A Crypto Hedge Fund Has Moved NFTs Worth Millions to a Single Wallet, Prompting Speculation of a Bankruptcy-Induced Fire Sale
The biggest question in the crypto industry these days seems to be where in the world are Su Zhu and Kyle Davies? The duo, founders of the Singapore-based cryptocurrency hedge fund Three Arrows Capital (3AC), which was forced into liquidation proceedings on June 27, have reportedly been avoiding court proceedings and their current location remains unknown.
Creditors are now asking a New York bankruptcy court to freeze 3AC’s estimated $3 billion in assets, which are largely in the form of cash, cryptocurrency and NFTs, citing concerns that they may be “transferred or otherwise disposed of.” Fueling these concerns, and raising speculation that a fire sale of high-priced NFTs may be in the works, Starry Night Capital, the NFT off-shoot of 3AC, moved much of its multimillion-dollar collection to a single wallet last month.
According to open-source data, NFTs from the Starry Night Capital account were transferred to a wallet listed as AEB785. Several of the transfers started on June 14, two days before the Financial Times first reported that Three Arrows had failed to meet a margin call on a $670 million loan.

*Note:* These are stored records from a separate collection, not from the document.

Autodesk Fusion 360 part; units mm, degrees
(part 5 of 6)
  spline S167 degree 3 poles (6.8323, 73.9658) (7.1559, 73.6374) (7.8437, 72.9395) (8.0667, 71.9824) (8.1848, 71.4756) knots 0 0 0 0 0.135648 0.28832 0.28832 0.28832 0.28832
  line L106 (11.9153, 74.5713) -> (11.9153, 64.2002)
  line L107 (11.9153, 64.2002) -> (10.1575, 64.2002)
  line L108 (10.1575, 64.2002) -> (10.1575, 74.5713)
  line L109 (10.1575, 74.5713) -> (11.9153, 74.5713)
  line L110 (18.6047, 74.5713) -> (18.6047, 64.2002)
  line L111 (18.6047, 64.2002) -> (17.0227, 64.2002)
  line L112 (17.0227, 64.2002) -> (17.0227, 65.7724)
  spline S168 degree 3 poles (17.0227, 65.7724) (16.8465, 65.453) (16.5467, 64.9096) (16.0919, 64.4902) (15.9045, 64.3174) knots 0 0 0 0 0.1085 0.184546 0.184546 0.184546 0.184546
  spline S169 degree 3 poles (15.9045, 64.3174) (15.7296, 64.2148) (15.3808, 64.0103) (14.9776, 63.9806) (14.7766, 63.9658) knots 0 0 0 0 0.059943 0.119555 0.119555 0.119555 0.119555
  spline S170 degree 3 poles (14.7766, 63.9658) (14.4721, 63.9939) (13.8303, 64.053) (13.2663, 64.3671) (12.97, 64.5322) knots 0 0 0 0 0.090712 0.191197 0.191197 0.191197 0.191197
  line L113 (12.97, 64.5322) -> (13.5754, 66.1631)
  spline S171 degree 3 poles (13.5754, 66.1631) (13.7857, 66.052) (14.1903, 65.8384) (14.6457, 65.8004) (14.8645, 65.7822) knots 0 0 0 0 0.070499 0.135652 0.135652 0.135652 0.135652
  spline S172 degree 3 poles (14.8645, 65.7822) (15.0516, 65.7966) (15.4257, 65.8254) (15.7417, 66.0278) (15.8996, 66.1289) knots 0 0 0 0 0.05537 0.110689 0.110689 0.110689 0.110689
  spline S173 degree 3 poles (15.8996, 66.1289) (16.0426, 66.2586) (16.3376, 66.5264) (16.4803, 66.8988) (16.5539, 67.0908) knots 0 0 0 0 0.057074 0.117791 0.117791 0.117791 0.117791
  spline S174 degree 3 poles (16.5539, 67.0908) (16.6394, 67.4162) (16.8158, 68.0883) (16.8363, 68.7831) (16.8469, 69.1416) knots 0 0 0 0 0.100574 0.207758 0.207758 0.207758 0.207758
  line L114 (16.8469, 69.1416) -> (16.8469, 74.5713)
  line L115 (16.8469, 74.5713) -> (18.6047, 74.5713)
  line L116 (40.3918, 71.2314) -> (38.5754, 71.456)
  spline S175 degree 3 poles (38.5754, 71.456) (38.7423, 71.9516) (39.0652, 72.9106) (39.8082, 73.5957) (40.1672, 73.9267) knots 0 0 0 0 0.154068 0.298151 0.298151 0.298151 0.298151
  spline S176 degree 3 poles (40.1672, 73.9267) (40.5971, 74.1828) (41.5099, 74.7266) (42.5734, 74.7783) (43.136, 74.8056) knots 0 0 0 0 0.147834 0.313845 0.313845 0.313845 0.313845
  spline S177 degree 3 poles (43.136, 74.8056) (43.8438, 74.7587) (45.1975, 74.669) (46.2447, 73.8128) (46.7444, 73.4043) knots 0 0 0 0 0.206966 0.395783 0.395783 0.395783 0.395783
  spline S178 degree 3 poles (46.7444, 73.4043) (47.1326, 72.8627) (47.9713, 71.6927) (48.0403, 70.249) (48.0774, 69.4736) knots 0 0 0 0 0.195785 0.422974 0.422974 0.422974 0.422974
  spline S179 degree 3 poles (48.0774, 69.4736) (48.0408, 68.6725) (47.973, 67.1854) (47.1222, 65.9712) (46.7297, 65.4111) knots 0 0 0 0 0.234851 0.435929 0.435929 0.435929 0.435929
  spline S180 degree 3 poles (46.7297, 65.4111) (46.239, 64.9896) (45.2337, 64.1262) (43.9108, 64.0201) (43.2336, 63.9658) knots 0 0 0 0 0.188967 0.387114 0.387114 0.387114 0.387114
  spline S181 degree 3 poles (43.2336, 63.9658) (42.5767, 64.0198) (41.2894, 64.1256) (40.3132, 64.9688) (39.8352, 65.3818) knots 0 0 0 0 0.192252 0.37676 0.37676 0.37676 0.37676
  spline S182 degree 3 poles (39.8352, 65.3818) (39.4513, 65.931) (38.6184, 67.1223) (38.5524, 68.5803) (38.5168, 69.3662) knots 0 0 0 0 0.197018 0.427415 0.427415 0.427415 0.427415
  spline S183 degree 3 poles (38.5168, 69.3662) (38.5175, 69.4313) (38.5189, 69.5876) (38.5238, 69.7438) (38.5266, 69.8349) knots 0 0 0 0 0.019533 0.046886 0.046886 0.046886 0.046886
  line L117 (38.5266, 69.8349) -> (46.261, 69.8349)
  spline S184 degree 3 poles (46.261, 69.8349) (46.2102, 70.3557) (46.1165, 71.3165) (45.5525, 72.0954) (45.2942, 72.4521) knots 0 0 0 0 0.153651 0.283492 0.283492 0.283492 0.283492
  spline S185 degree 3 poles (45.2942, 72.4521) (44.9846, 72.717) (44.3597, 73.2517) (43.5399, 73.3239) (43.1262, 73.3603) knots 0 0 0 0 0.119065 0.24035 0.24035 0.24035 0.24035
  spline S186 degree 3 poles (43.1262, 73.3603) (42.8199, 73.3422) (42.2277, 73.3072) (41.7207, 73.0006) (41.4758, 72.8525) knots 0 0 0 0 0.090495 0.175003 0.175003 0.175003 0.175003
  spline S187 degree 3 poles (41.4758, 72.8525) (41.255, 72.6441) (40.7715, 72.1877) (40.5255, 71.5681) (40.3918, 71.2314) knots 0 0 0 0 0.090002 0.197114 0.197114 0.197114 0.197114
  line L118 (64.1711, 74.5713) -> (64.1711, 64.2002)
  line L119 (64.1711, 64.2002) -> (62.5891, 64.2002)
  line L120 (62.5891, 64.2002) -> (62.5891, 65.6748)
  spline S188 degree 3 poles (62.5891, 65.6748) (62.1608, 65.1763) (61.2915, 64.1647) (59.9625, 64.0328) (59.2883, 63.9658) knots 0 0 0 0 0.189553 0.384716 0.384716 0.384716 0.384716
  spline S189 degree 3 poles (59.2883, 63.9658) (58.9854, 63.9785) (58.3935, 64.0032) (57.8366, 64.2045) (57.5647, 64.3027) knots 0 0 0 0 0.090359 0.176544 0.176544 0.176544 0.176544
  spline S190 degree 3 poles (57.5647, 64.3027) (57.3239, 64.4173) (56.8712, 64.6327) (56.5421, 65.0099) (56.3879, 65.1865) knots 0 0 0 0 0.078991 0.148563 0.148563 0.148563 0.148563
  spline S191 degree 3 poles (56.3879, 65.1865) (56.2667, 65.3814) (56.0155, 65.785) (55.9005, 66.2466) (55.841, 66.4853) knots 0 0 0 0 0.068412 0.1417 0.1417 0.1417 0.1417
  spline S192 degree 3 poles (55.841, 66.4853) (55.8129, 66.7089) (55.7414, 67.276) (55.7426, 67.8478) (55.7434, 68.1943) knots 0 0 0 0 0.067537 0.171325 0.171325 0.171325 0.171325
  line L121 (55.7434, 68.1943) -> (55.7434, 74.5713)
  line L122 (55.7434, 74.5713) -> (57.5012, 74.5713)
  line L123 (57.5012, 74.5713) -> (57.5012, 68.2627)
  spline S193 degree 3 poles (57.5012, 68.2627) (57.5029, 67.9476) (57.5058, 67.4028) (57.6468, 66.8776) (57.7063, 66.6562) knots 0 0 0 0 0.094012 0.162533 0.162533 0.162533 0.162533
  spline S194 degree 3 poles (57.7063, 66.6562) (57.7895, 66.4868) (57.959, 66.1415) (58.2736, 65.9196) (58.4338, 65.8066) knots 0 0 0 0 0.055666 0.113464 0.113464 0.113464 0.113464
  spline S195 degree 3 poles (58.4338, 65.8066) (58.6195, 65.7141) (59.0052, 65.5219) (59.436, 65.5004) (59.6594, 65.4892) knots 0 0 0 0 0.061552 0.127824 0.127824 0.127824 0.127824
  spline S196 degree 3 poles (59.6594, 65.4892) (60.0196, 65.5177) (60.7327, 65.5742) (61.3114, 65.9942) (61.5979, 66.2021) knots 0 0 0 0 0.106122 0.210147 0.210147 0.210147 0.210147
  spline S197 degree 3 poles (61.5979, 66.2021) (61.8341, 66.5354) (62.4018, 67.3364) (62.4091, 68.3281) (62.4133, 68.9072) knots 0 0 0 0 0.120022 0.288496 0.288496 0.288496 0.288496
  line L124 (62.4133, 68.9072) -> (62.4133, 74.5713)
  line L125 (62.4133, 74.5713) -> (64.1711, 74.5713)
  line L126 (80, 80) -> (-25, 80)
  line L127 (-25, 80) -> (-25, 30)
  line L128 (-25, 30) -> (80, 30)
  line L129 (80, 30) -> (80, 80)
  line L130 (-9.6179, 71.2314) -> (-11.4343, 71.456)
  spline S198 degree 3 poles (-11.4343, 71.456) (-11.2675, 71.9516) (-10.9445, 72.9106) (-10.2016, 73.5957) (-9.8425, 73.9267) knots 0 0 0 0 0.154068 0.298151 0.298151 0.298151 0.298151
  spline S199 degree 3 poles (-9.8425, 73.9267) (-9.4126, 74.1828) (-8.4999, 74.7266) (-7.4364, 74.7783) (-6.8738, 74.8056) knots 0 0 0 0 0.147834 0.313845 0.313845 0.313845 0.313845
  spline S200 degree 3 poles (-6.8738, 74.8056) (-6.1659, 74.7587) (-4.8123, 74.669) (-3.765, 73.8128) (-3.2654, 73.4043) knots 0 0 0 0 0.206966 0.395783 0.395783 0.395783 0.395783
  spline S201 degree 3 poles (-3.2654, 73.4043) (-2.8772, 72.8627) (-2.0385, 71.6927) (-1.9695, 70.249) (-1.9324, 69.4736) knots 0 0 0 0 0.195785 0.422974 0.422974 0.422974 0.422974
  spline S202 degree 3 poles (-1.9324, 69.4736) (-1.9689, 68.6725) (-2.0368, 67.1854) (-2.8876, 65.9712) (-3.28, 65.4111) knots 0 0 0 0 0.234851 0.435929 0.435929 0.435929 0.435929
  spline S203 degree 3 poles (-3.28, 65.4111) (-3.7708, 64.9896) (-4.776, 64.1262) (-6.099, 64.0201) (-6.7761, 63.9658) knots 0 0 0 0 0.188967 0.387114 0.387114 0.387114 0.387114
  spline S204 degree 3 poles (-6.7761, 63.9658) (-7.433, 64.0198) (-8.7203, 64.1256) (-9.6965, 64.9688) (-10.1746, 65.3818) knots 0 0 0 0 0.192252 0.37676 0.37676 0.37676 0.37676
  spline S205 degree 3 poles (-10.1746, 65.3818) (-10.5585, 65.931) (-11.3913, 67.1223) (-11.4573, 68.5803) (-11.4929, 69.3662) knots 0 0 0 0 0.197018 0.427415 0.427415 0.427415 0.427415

That new wallet now holds several highly valued NFTS, perhaps worth millions, include works by artists such as Erick Calderon of Art Blocks and Mad Dog Jones, among others. One piece by Dimitri Cherniak, entitled A slight lack of symmetry can cause so much pain, was bought last October for 800 ETH, or more than $2 million at the time.
The crypto fund’s venture into NFTs came at the peak of the market in August of 2021, when the company partnered with the pseudonymous NFT collector, Vincent Van Dough—who has so far not commented on the scandal, despite remaining relatively active on Twitter—to launch Starry Night Capital. The group initially aimed to raise $100 million that it said would be used to create an educational platform for NFTs, alongside a physical gallery in a major city, neither of which came to fruition.
Our thesis is simple, we believe the best way to gain exposure to the cultural paradigm shift being ushered in by NFTs is owning the top pieces from the most desired sets.
— VincentVanDough (@Vince_Van_Dough) August 30, 2021
Over the past year, Starry Night Capital spent $21 million to acquire 457 virtual assets. But based on recent estimates prepared by DappRadar using on-chain data, the holdings transferred to the AEB785 wallet now have an estimated net worth of just $3.89 million.
According to CoinMetrics researcher, Kyle Waters, Starry Night Capital’s collection at one point accounted for 10% of the total volume on SuperRare, the sixth largest NFT platform by market cap.
“The new wallet seems to have some linkage to other 3AC wallets,” Waters wrote on Twitter, adding that “it’s unclear so far what’s going on (at worst case, gearing up for some sort of liquidation/OTC [Over the Counter] block trade of NFTs?”
1/ Over the last 24h Three Arrows Capital-backed NFT fund @StarryNight_Cap has moved its entire collection on SuperRare totaling 70 works which it has spent >$21M on since last August. pic.twitter.com/rNZVJ0li8I
— Kyle Waters (@kylewaters_) June 15, 2022
In an ominous move, the sole institutional backer of Starry Night’s holdings, the UK-based KR1 fund, has written off their investment entirely. KR1 bought $5 million of “Class Starry Night Shares” in the British Virgin Islands-registered Three Arrows Fund Ltd, although it is unclear if such a company actually exists, CoinDesk reported. Those shares were 100% impaired according to a recent earnings statement issued by KR1.
If Starry Night’s NFT collection were to be sold off today, when crypto art prices have cratered, the vast majority of the works would make considerably less than what they were acquired for.
In addition to freezing the fund’s assets, creditors are asking the court to compel the founders to list the fund’s assets, including the wallets it controls, bank accounts, cash and digital assets, as well as any derivatives contracts, securities, accounts receivable, and company records. Lawyers acting on behalf of creditors said that Zhu and Davies “have not yet begun to cooperate” with liquidation proceedings, according to CoinDesk.
Founded in 2012, 3AC’s downfall seems to stem from Ponzi-esque activity that included borrowing from various lending platforms to payoff the interest on earlier loans. The fund’s downfall has caused ripple effects across the crypto-sphere, with liquidity concerns hitting other companies, including the lending firm Celsius, the cryptocurrency exchange CoinFlex, and the digital asset brokerage Voyager Digital, all of which had dealings with 3AC.